For those who want to take a stab at the configuration that fixes this issue, stop now! For those who are already tired of reading this old man’s drivel, the answer is to configure the edges as proxy-iTRs. Why? Because proxy-iTRs do not perform source EID checks. That means the DHCP discover gets elevated into the overlay since LISP will get invoked:

// DHCP Discover hits this entry in CEF

Edge1#show ip cef vrf Campus_VN 172.168.1.1 
0.0.0.0/0
  attached to LISP0.4100

// detailed output of the same CEF entry  

Edge1#show ip cef vrf Campus_VN 172.168.1.1 detail
0.0.0.0/0, epoch 0, flags [cover dependents, check lisp eligibility, default route]
  LISP remote EID: 2 packets 903 bytes fwd action signal, cfg as EID space
  LISP source path list
    attached to LISP0.4100
  Covered dependent prefixes: 2
    notify cover updated: 2
  1 IPL source [no flags]
  attached to LISP0.4100

// since LISP is invoked, we look at the map-cache
// no specific entry here, so it hits the default 0.0.0.0/0 entry  

Edge1#show ip lisp eid-table vrf Campus_VN map-cache 172.168.1.1
LISP IPv4 Mapping Cache for EID-table vrf Campus_VN (IID 4100), 3 entries

0.0.0.0/0, uptime: 00:35:21, expires: never, via static-send-map-request
  Sources: static-send-map-request
  State: send-map-request, last modified: 00:35:21, map-source: local
  Exempt, Packets out: 2(903 bytes) (~ 00:29:50 ago)
  Configured as EID address space
  Negative cache entry, action: send-map-request 

DHCP server known to LISP

At this point, one of two things can happen:

  1. The route to the DHCP server is redistributed into the LISP site database and the Border knows of this. If that is the case, the Border replies back to the map request with its own RLOC information and the packet is encapsulated to it.

static1

DHCP server unknown to LISP

  1. The Border has no idea of the EID and there is a miss in the site database. In that case, it responds with a negative map reply and the Edge will encapsulate the packet and send it to the Border anyway (since ‘use-petr’ will be configured as the Border).

static1

Both are valid designs and are okay to run with. Either of them gets the packet to the border from where it is routed to the DHCP server.

static1

Tracing the DHCP Offer and the problem it presents

The DHCP server gets this and uses the ‘giaddr’ to determine which pool to allocate the address from (your traditional DHCP functionality, nothing magical here). It sends an offer back - the offer will have a source IP address of the DHCP server and the destination IP address of the ‘giaddr’ address.

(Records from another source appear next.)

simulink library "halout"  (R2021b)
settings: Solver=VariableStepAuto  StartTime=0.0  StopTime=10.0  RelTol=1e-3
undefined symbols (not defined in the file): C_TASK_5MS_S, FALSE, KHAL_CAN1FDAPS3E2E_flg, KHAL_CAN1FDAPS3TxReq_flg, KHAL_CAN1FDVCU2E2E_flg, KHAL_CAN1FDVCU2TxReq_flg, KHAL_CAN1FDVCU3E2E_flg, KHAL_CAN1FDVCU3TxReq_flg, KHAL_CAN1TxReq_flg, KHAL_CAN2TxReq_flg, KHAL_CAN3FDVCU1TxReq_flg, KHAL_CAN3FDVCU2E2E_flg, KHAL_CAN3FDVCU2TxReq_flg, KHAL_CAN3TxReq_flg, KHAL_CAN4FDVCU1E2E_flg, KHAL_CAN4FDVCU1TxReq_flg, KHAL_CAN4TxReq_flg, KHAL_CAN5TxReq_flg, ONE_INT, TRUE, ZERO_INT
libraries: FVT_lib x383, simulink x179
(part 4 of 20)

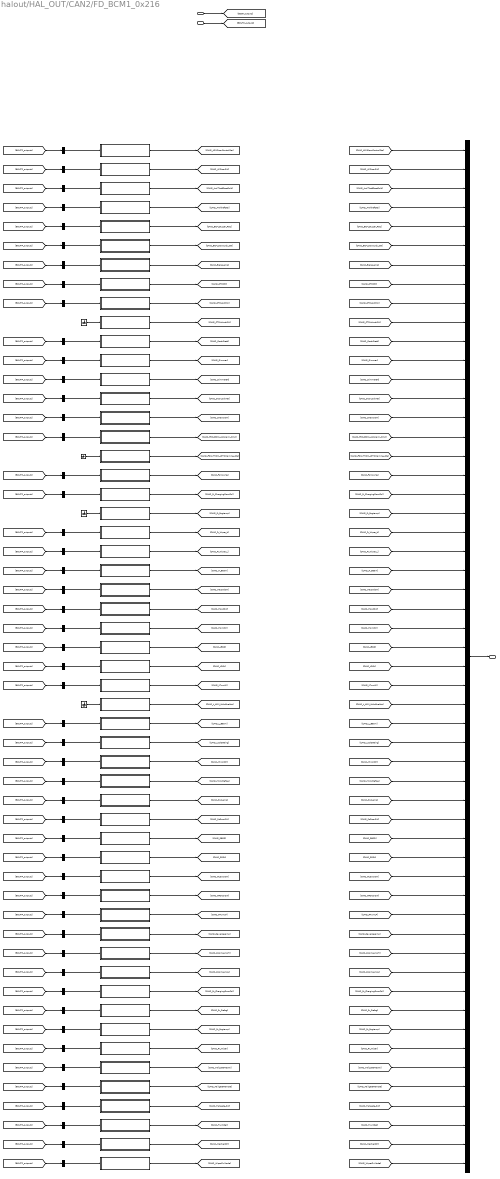
== system halout/HAL_OUT/CAN2/FD_BCM1_0x216 ==
  BSCP_outputs : Inport  OutDataTypeStr=Bus: BSCP_outputs
  BOUTP_outputs : Inport  Port=2  OutDataTypeStr=Bus: BOUTP_outputs
  APMDoorControlSta : Subsystem
  AllDoorSW : Subsystem
  AntiTheftSeatFold : Subsystem
  AntitheftSta : Subsystem
  BCMBuzzerReq : Subsystem
  BCMDoorLockSta : Subsystem
  BrakeLamp : Subsystem
  CTDCtrl : Subsystem
  CTDLockSW : Subsystem
  CTDUnlockSW : Subsystem
  CrashDetd : Subsystem
  Dimmer : Subsystem
  DimmerEN : Subsystem
  DoorLockIND : Subsystem
  DrDoorSW : Subsystem
  FDCBCMLockAlarmCmd : Subsystem
  FDCTHCMAPTCWarningSta : Subsystem
  FollowMe : Subsystem
  FrChargingDoorCtrl : Subsystem
  FrFogLamp : Subsystem
  FrWiperH : Subsystem
  FrWiperL : Subsystem
  Ground{,1..3} (4 alike) : Ground
  HBeam : Subsystem
  HazardSW : Subsystem
  HoodSW : Subsystem
  HornCtrl : Subsystem
  LAPMWdwEnable : Subsystem
  LBSD : Subsystem
  LBeam : Subsystem
  LDRL : Subsystem
  LTurnLP : Subsystem
  LockSetting : Subsystem
  MirrorCtrl : Subsystem
  MirrorDefog : Subsystem
  PosLamp : Subsystem
  PsDoorSW : Subsystem
  RBSD : Subsystem
  RDRL : Subsystem
  RLDoorSW : Subsystem
  RRDoorSW : Subsystem
  RTurnLP : Subsystem
  ReverseLamp : Subsystem
  RoomLampH : Subsystem
  RoomLampL : Subsystem
  RrChargingDoorCtrl : Subsystem
  RrDefog : Subsystem
  RrFogLamp : Subsystem
  RrWiper : Subsystem
  TailgateHDSW : Subsystem
  TailgateRemote : Subsystem
  TailgateSW : Subsystem
  TrunkRel : Subsystem
  WasherCtrl : Subsystem
  WiperFixMode : Subsystem
  bus_creator : BusCreator  Inputs=54  OutDataTypeStr=Bus: DT_CAN2_SG_FD_BCM1  NonVirtualBus=on
  bus_selector : BusSelector  OutputSignals=VOUTP_APMDoorControlSta_flg
  bus_selector1 : BusSelector  OutputSignals=VOUTP_AllDoorSW_flg
  bus_selector10 : BusSelector  OutputSignals=VOUTP_Dimmer_pct
  bus_selector11 : BusSelector  OutputSignals=VOUTP_DimmerEN_flg
  bus_selector12 : BusSelector  OutputSignals=VOUTP_DoorLockIND_flg
  bus_selector13 : BusSelector  OutputSignals=VOUTP_DrDoorSW_flg
  bus_selector14 : BusSelector  OutputSignals=VOUTP_LockAlarm_enum
  bus_selector16 : BusSelector  OutputSignals=VOUTP_FollowMe_flg
  bus_selector17 : BusSelector  OutputSignals=VOUTP_FrChargingDoorCtrl_enum
  bus_selector18 : BusSelector  OutputSignals=VOUTP_FrWiperH_flg
  bus_selector19 : BusSelector  OutputSignals=VOUTP_FrWiperL_flg
  bus_selector2 : BusSelector  OutputSignals=VOUTP_AntitheftSeatFlod_flg
  bus_selector20 : BusSelector  OutputSignals=VOUTP_HBeam_flg
  bus_selector21 : BusSelector  OutputSignals=VOUTP_HazardSW_flg
  bus_selector22 : BusSelector  OutputSignals=VOUTP_HoodSW_flg
  bus_selector23 : BusSelector  OutputSignals=VOUTP_HornCtrl_flg
  bus_selector24 : BusSelector  OutputSignals=VOUTP_LBSD_flg
  bus_selector25 : BusSelector  OutputSignals=VOUTP_LDRL_flg
  bus_selector26 : BusSelector  OutputSignals=VOUTP_LTurnLP_flg
  bus_selector27 : BusSelector  OutputSignals=VOUTP_LBeam_flg
  bus_selector28 : BusSelector  OutputSignals=VOUTP_LockSetting_flg
  bus_selector29 : BusSelector  OutputSignals=VOUTP_MirrorCtrl_enum
  bus_selector3 : BusSelector  OutputSignals=VOUTP_AntitheftSta_enum
  bus_selector30 : BusSelector  OutputSignals=VOUTP_MirrorDefog_flg
  bus_selector31 : BusSelector  OutputSignals=VOUTP_PosLamp_flg
  bus_selector32 : BusSelector  OutputSignals=VOUTP_PsDoorSW_flg
  bus_selector33 : BusSelector  OutputSignals=VOUTP_RBSD_flg
  bus_selector34 : BusSelector  OutputSignals=VOUTP_RDRL_flg
  bus_selector35 : BusSelector  OutputSignals=VOUTP_RLDoorSW_flg
  bus_selector36 : BusSelector  OutputSignals=VOUTP_RRDoorSW_flg
  bus_selector37 : BusSelector  OutputSignals=VOUTP_RTurnLP_flg
  bus_selector38 : BusSelector  OutputSignals=VOUTP_ReverseLamp_flg
  bus_selector39 : BusSelector  OutputSignals=VOUTP_RoomLampH_flg
  bus_selector4 : BusSelector  OutputSignals=VOUTP_BCMBuzzerReq_flg
  bus_selector40 : BusSelector  OutputSignals=VOUTP_RoomLampL_flg
  bus_selector41 : BusSelector  OutputSignals=VOUTP_RrChargingDoorCtrl_enum
  bus_selector42 : BusSelector  OutputSignals=VOUTP_RrDefog_flg
  bus_selector43 : BusSelector  OutputSignals=VOUTP_RrFogLamp_flg
  bus_selector44 : BusSelector  OutputSignals=VOUTP_RrWiper_flg
  bus_selector45 : BusSelector  OutputSignals=VOUTP_TailgateHDSW_flg
  bus_selector46 : BusSelector  OutputSignals=VOUTP_TailgateRemote_enum
  bus_selector47 : BusSelector  OutputSignals=VOUTP_TailgateSW_flg
  bus_selector48 : BusSelector  OutputSignals=VOUTP_TrunkRel_flg
  bus_selector49 : BusSelector  OutputSignals=VOUTP_WasherCtrl_enum
  bus_selector5 : BusSelector  OutputSignals=VOUTP_BCMDoorLockSta_flg
  bus_selector50 : BusSelector  OutputSignals=VOUTP_WiperFixMode_flg
  bus_selector6 : BusSelector  OutputSignals=VOUTP_BrakeLamp_flg
  bus_selector7 : BusSelector  OutputSignals=VOUTP_CTDCtrl_enum
  bus_selector8 : BusSelector  OutputSignals=VOUTP_CTDLockSW_flg
  bus_selector9 : BusSelector  OutputSignals=VOUTP_CrashDetd_flg
  FD_BCM1 : Outport
  wires:
  BSCP_outputs/1 -> [BSCP_outputs]
  BOUTP_outputs/1 -> [BOUTP_outputs]
  [CAN2_APMDoorControlSta] -> bus_creator/1  "CAN2_APMDoorControlSta"
  [CAN2_AllDoorSW] -> bus_creator/2  "CAN2_AllDoorSW"
  [CAN2_AntiTheftSeatFold] -> bus_creator/3  "CAN2_AntiTheftSeatFold"
  [CAN2_AntitheftSta] -> bus_creator/4  "CAN2_AntitheftSta"
  [CAN2_BCM_Buzzer_Req] -> bus_creator/5  "CAN2_BCM_Buzzer_Req"
  [CAN2_BCM_DoorLock_Sta] -> bus_creator/6  "CAN2_BCM_DoorLock_Sta"
  [CAN2_BrakeLamp] -> bus_creator/7  "CAN2_BrakeLamp"
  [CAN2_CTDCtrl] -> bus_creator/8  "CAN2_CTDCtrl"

And here’s the second major problem that DHCP needs to deal with in SD-Access - this ‘giaddr’ address is essentially the interface VLANs IP address, which (as you might have guessed it) is the anycast gateway IP address across all Edge’s. Essentially, the same VLAN and IP address mapping will exist across all Edge’s.

static1

And here is the problem - how can the DHCP offer be directed to the Edge that actually sourced the DHCP discover?

static1

DHCP option82

This is where option82 comes in. When the DHCP discover is sourced by the Edge, it fills in the option82 field as well. This contains two important things - its RLOC and the VXLAN-ID (VNID) to be used. Take a look at the following packet capture:

static1

This is a DHCP discover sourced by our Edge in this topology (Edge1). The discover is built with the relevant options (including option82). The inner IP header has a source IP address of interface VLAN 1029s and a destination IP address of the DHCP server.

The VXLAN header has a VNI that maps to the instance ID for this VRF. The outer IP header has a source IP address of loopback0 of this Edge and a destination IP address of loopback0 of the Border - essentially the source RLOC and the destination RLOC.

Let’s try decoding agent remote ID of option 82:

static1

So, when this offer hits the Border, it is leaked to the CPU and this RLOC + VNI information is extracted from option82. The border then directs this towards the specified RLOC - 192.168.70.8, which is the Edge that sourced the discover in the first place.

This concludes a very important aspect of SD-Access - one that should work seamlessly and without notice but something that needs to be very carefully understood.